Каждый день Гроньяр и Балу изучали путь, который проделывал Добрек от дома до парламента и от дома до клуба. Нужно было выбрать самую пустынную улицу и самый удобный час для того, чтобы схватить Добрека и посадить его в свой автомобиль.

Люпен, со своей стороны, присмотрел и обустроил недалеко от Парижа, посреди большого сада, старое строение, которое вполне удовлетворяло всем необходимым условиям безопасности и изолированности и которое он назвал «Клеткой обезьяны».

К несчастью, Добрек остерегался. Он каждый раз изменял свой маршрут и ездил то в метро, то в трамвае. Клетка оставалась пустой.

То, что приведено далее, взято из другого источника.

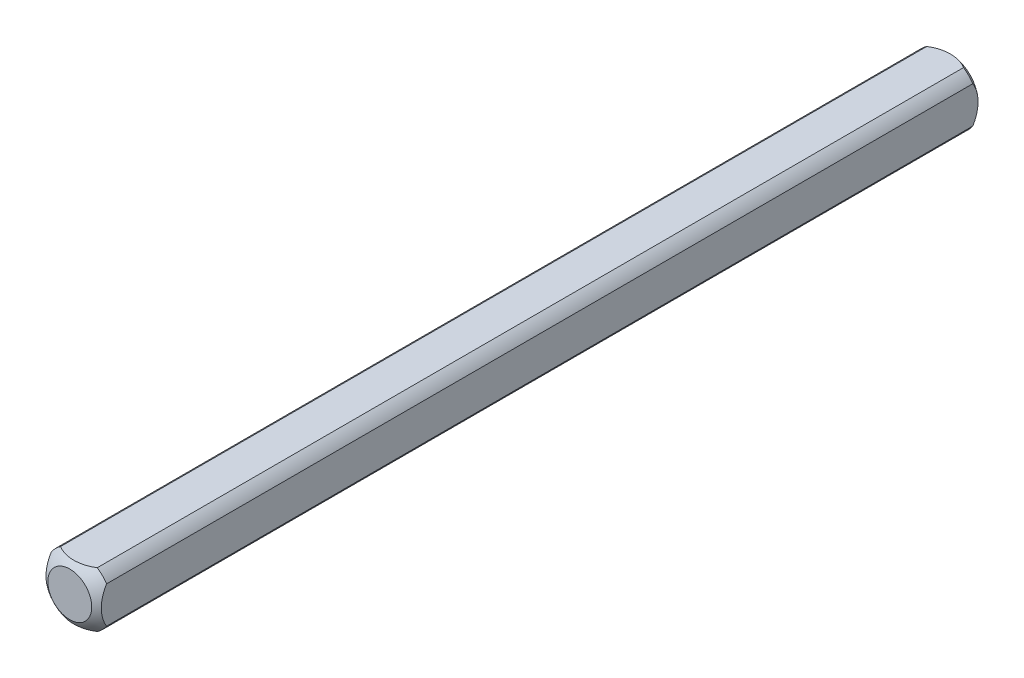
from build123d import *

# Parameters (mm, degrees)
SKETCH1_W           = 6.35
SKETCH1_H           = 6.35
BOSS_EXTRUDE1_DEPTH = 50.8
SKETCH2_OUTSIDE_W   = 18.668
SKETCH2_OUTSIDE_H   = 18.668
SKETCH2_OUTSIDE_R   = 3.81
CUT_EXTRUDE1_DEPTH  = 51.8


with BuildPart() as part:
    # Sketch1 → Boss-Extrude1 (new body)
    with BuildSketch(Plane.XY):
        Rectangle(SKETCH1_W, SKETCH1_H)
    extrude(amount=BOSS_EXTRUDE1_DEPTH)

    # Sketch2 outside → Cut-Extrude1 (cut, through all)
    with BuildSketch(Plane(origin=(0, 0, 0), x_dir=(-1, 0, 0), z_dir=(0, 0, -1))):
        Rectangle(SKETCH2_OUTSIDE_W, SKETCH2_OUTSIDE_H)
        Circle(SKETCH2_OUTSIDE_R, mode=Mode.SUBTRACT)
    extrude(amount=-CUT_EXTRUDE1_DEPTH, mode=Mode.SUBTRACT)

    # Sketch3 → Cut-Revolve1 (revolve, cut)
    with BuildSketch(Plane(origin=(0, 0, 0), x_dir=(1, 0, 0), z_dir=(0, 1, 0))):
        with BuildLine():
            Line((-5.053685963, -3.893335876), (-5.053685963, 5.740530545))
            Line((-5.053685963, 5.740530545), (0, 5.740530545))
            Line((0, 5.740530545), (0, 0.670274551))
            ThreePointArc((0, 0.670274551), (-3.404639553, -0.639469554), (-5.053685963, -3.893335876))
        make_face()
    revolve(axis=Axis((0, 0, 50.8), (0, 0, -1)), mode=Mode.SUBTRACT)

    # Mirror1: part across plane


with BuildPart() as part_1:
    add(part.part)
    add(part.part.mirror(Plane(origin=(0, 0, 50.8), x_dir=(1, 0, 0), z_dir=(0, 0, -1))))


solid = part_1.part
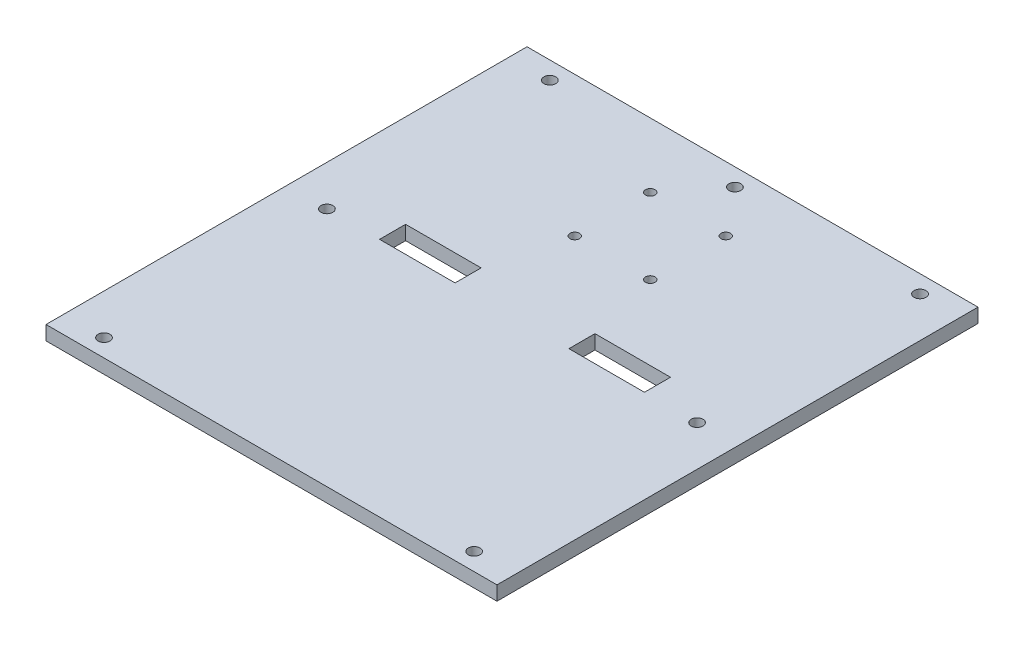
from build123d import *

# Parameters (mm, degrees)
SKETCH2_W           = 190.5
SKETCH2_H           = 203.2
BOSS_EXTRUDE1_DEPTH = 6
SKETCH5_R           = 2.5
CUT_EXTRUDE6_DEPTH  = 7
CUT_EXTRUDE7_DEPTH  = 10


with BuildPart() as part:
    # Sketch2 → Boss-Extrude1 (new body)
    with BuildSketch(Plane(origin=(0, 0, 0), x_dir=(1, 0, 0), z_dir=(0, 1, 0))):
        Rectangle(SKETCH2_W, SKETCH2_H)
    extrude(amount=BOSS_EXTRUDE1_DEPTH)

    # Sketch5 → Cut-Extrude6 (cut, through all)
    with BuildSketch(Plane(origin=(0, 6, 0), x_dir=(1, 0, 0), z_dir=(0, 1, 0))):
        with Locations((-78.187036158, 94.165073798)):
            Circle(SKETCH5_R)
        with Locations((0, 94.165073798)):
            Circle(SKETCH5_R)
        with Locations((78.187036158, 0)):
            Circle(SKETCH5_R)
        with Locations((-78.187036158, 0)):
            Circle(SKETCH5_R)
        with Locations((78.187036158, 94.165073798)):
            Circle(SKETCH5_R)
        with Locations((-78.187036158, -94.165073798)):
            Circle(SKETCH5_R)
        with Locations((78.187036158, -94.165073798)):
            Circle(SKETCH5_R)
    extrude(amount=-CUT_EXTRUDE6_DEPTH, mode=Mode.SUBTRACT)

    # Sketch6 → Cut-Extrude7 (cut)
    with BuildSketch(Plane(origin=(0, 6, 0), x_dir=(1, 0, 0), z_dir=(0, 1, 0))):
        with BuildLine():
            ThreePointArc((-13.95, 74.35), (-17.364213562, 75.764213562), (-15.95, 72.35))
            Line((-15.95, 72.35), (-15.95, 74.35))
            Line((-15.95, 74.35), (-13.95, 74.35))
        make_face()
        with BuildLine():
            Line((-15.95, 74.35), (-15.95, 72.35))
            ThreePointArc((-15.95, 72.35), (-14.535786438, 72.935786438), (-13.95, 74.35))
            Line((-13.95, 74.35), (-15.95, 74.35))
        make_face()
        with BuildLine():
            ThreePointArc((13.95, 74.35), (14.535786438, 72.935786438), (15.95, 72.35))
            Line((15.95, 72.35), (15.95, 74.35))
            Line((15.95, 74.35), (13.95, 74.35))
        make_face()
        with BuildLine():
            Line((15.95, 74.35), (15.95, 72.35))
            ThreePointArc((15.95, 72.35), (17.364213562, 72.935786438), (17.95, 74.35))
            ThreePointArc((17.95, 74.35), (15.95, 76.35), (13.95, 74.35))
            Line((13.95, 74.35), (15.95, 74.35))
        make_face()
        with BuildLine():
            Line((-15.95, 44.45), (-15.95, 42.45))
            Line((-15.95, 42.45), (-13.95, 42.45))
            ThreePointArc((-13.95, 42.45), (-14.535786438, 43.864213562), (-15.95, 44.45))
        make_face()
        with BuildLine():
            ThreePointArc((-15.95, 44.45), (-17.95, 42.45), (-15.95, 40.45))
            Line((-15.95, 40.45), (-15.95, 42.45))
            Line((-15.95, 42.45), (-15.95, 44.45))
        make_face()
        with BuildLine():
            ThreePointArc((15.95, 44.45), (14.535786438, 43.864213562), (13.95, 42.45))
            Line((13.95, 42.45), (15.95, 42.45))
            Line((15.95, 42.45), (15.95, 44.45))
        make_face()
        with BuildLine():
            Line((15.95, 42.45), (17.95, 42.45))
            ThreePointArc((17.95, 42.45), (17.364213562, 43.864213562), (15.95, 44.45))
            Line((15.95, 44.45), (15.95, 42.45))
        make_face()
        with BuildLine():
            ThreePointArc((13.95, 42.45), (15.95, 40.45), (17.95, 42.45))
            Line((17.95, 42.45), (15.95, 42.45))
            Line((15.95, 42.45), (13.95, 42.45))
        make_face()
        with BuildLine():
            Line((-15.95, 42.45), (-15.95, 40.45))
            ThreePointArc((-15.95, 40.45), (-14.535786438, 41.035786438), (-13.95, 42.45))
            Line((-13.95, 42.45), (-15.95, 42.45))
        make_face()
        Polygon((-55.95, 11), (-55.95, 0), (-24.05, 0), (-24.05, 11), (-40, 11), align=None)
        Polygon((40, 0), (55.95, 0), (55.95, 11), (40, 11), (24.05, 11), (24.05, 0), align=None)
    extrude(amount=-CUT_EXTRUDE7_DEPTH, mode=Mode.SUBTRACT)


solid = part.part
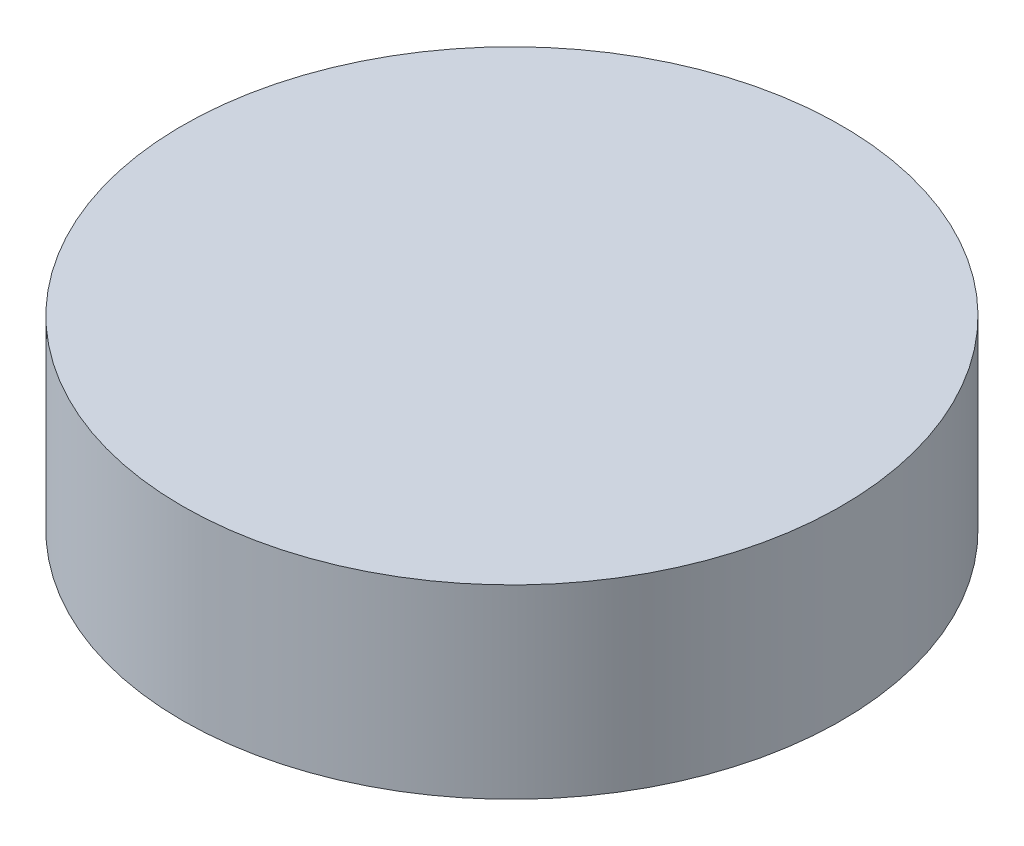
from build123d import *

# Parameters (mm, degrees)
SKIZZE1_R                       = 8.875
AUFSATZ_LINEAR_AUSTRAGEN1_DEPTH = 5


with BuildPart() as part:
    # Skizze1 → Aufsatz-Linear austragen1 (new body)
    with BuildSketch(Plane(origin=(0, 0, 0), x_dir=(1, 0, 0), z_dir=(0, 1, 0))):
        Circle(SKIZZE1_R)
    extrude(amount=AUFSATZ_LINEAR_AUSTRAGEN1_DEPTH)


solid = part.part

Люпен сочинил другой план. Он выписал из Марселя одного из своих союзников Брендебуа, почтенного бакалейщика, жившего в выборном районе Добрека и занимавшегося политикой.

Брендебуа предупредил Добрека о своем посещении и депутат принял очень радушно своего почтенного избирателя. На следующей неделе был назначен обед. Избиратель предложил пойти в маленький ресторанчик на левом берегу реки, где можно было чудесно пообедать. Добрек согласился.

Люпену только этого и нужно было. Хозяин этого ресторана был в числе его друзей. Похищение было намечено на четверг, и на этот раз не могло быть неудачи.

Между тем с понедельника на той же неделе начался процесс Жильбера и Вошери.

Все еще слишком хорошо помнят то непонятное пристрастие, с которым председатель суда отнесся к Жильберу. Люпен один понимал, что это делается под гнусным влиянием Добрека.

Поведение обоих обвиняемых было совершенно различно. Вошери был сумрачен, молчалив, признавался во всем цинично в коротких иронических выражениях почти вызывающе перечислял все свои прошлые преступления. Но по какому-то неизъяснимому противоречию он отрицал свое участие в убийстве лакея Леонарда и обвинял во всем Жильбера. Он, очевидно, хотел, связав свою судьбу с судьбой Жильбера, заставить Люпена освободить их обоих.

Что касается Жильбера, открытое лицо и мечтательные меланхолические глаза которого завоевали всеобщие симпатии, он не умел ни обходить ловушки, которые ему то и дело ставил председатель суда, ни отбиваться от лжи Вошери.

Он плакал, слишком много говорил или молчал, когда надо было говорить. Кроме того, его защитник, один из лучших адвокатов, заболел в самый нужный момент (и в этом Люпен видел руку Добрека) и был заменен секретарем, который защищал плохо, придал делу дурной оборот, не сумел ни расположить к себе присяжных, ни изгладить впечатления, произведенного обвинительным актом и защитой Вошери.

Люпен, который с непонятной смелостью присутствовал и на последнем заседании суда, в четверг, не сомневался в том, что будет вынесен смертный приговор.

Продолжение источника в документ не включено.